• [Task description]:
For the entries that follow, state how many lines include the word "hasAdditionalInformation", giving the number and nothing else.

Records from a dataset
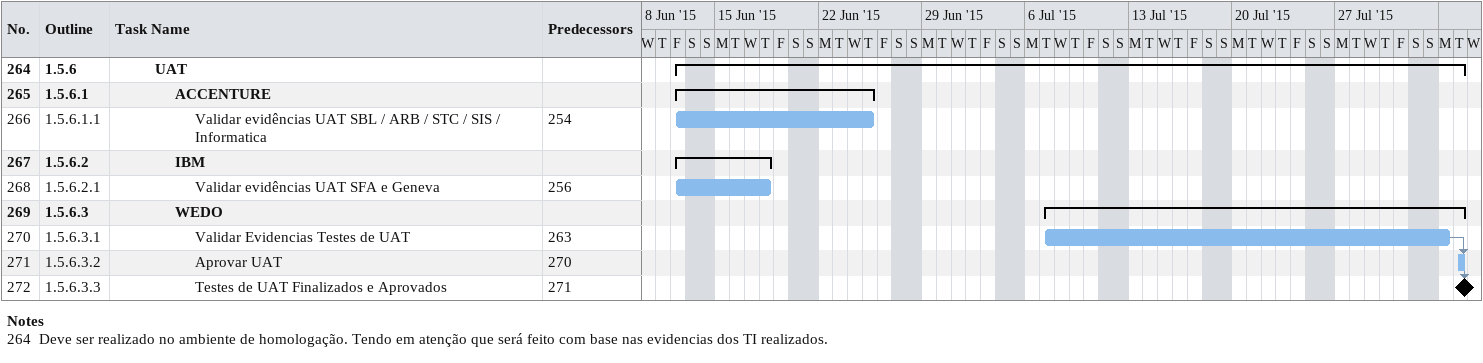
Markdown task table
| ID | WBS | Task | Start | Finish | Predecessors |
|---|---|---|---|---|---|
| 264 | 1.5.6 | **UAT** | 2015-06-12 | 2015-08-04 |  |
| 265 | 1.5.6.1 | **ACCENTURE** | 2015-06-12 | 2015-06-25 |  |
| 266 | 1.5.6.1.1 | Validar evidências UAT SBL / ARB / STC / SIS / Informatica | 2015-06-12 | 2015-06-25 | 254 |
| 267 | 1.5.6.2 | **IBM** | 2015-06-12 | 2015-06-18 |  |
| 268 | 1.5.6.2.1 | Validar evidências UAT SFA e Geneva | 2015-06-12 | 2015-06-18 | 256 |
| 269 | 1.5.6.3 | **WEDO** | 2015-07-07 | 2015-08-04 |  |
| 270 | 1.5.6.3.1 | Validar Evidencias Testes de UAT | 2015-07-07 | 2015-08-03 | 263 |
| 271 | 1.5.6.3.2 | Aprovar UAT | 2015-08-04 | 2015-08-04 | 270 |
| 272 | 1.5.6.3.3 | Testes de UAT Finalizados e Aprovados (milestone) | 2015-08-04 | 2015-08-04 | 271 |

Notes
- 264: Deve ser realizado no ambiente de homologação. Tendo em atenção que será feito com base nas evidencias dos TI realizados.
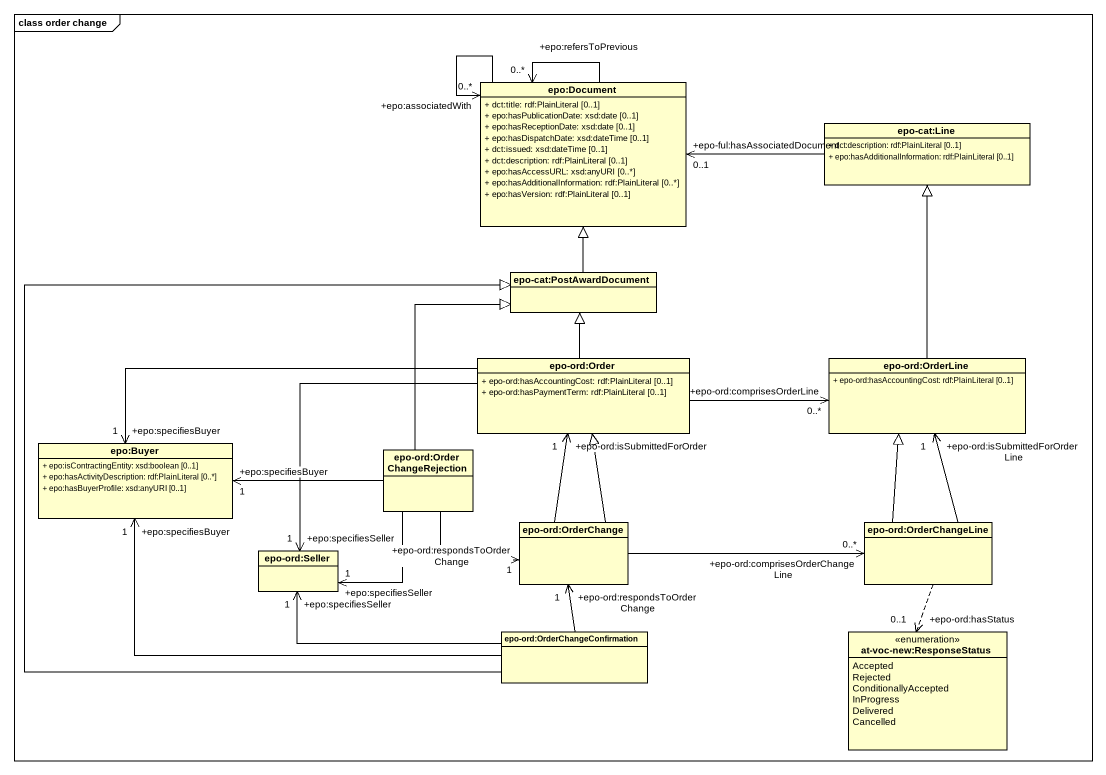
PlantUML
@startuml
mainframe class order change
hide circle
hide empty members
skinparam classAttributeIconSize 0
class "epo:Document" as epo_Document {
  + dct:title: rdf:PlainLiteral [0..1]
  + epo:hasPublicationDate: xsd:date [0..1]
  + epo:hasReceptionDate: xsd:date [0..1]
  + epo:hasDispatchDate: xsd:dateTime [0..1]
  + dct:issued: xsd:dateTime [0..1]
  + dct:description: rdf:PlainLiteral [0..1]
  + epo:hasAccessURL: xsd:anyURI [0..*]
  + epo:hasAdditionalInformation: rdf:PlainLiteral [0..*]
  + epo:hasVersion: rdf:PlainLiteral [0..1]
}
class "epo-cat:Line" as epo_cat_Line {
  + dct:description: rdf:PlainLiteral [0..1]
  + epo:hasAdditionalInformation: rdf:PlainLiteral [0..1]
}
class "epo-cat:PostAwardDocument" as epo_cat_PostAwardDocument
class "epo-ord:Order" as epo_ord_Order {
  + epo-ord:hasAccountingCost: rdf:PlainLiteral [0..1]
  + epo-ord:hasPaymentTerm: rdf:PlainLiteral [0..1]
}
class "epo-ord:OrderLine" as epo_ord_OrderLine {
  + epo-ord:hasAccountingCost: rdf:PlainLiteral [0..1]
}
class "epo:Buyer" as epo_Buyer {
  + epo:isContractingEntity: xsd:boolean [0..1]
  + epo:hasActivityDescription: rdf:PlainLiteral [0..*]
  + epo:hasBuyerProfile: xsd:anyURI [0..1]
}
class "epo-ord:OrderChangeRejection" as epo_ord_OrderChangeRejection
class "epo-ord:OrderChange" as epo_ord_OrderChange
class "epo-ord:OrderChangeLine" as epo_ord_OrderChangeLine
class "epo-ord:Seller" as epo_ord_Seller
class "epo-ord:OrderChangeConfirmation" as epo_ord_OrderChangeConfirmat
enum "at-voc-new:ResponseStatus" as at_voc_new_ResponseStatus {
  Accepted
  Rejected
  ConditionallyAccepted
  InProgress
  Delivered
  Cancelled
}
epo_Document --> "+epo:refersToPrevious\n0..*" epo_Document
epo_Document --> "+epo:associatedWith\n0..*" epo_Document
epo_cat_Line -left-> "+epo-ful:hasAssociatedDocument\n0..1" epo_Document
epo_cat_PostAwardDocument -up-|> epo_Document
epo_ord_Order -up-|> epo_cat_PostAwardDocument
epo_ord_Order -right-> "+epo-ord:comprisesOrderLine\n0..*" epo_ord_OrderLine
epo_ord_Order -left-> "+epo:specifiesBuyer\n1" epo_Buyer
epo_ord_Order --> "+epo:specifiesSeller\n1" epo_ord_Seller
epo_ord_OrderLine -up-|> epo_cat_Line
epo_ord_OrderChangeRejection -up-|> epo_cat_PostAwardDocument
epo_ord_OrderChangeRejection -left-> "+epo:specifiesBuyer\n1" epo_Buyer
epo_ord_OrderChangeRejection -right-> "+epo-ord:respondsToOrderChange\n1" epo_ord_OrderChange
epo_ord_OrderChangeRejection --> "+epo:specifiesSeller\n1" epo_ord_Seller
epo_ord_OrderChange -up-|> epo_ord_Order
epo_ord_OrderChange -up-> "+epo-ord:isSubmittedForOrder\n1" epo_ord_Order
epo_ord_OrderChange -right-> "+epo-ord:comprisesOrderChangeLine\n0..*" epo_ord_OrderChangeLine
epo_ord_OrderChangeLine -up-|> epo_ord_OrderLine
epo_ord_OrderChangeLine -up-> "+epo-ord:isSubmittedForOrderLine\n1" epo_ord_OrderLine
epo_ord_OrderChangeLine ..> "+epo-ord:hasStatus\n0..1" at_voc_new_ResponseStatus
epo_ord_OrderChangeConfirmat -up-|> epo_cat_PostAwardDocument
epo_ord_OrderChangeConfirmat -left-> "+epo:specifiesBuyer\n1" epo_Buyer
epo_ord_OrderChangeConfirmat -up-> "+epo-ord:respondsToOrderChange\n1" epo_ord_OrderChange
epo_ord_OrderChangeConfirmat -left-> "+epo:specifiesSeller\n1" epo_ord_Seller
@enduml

• [Output for this task]:
2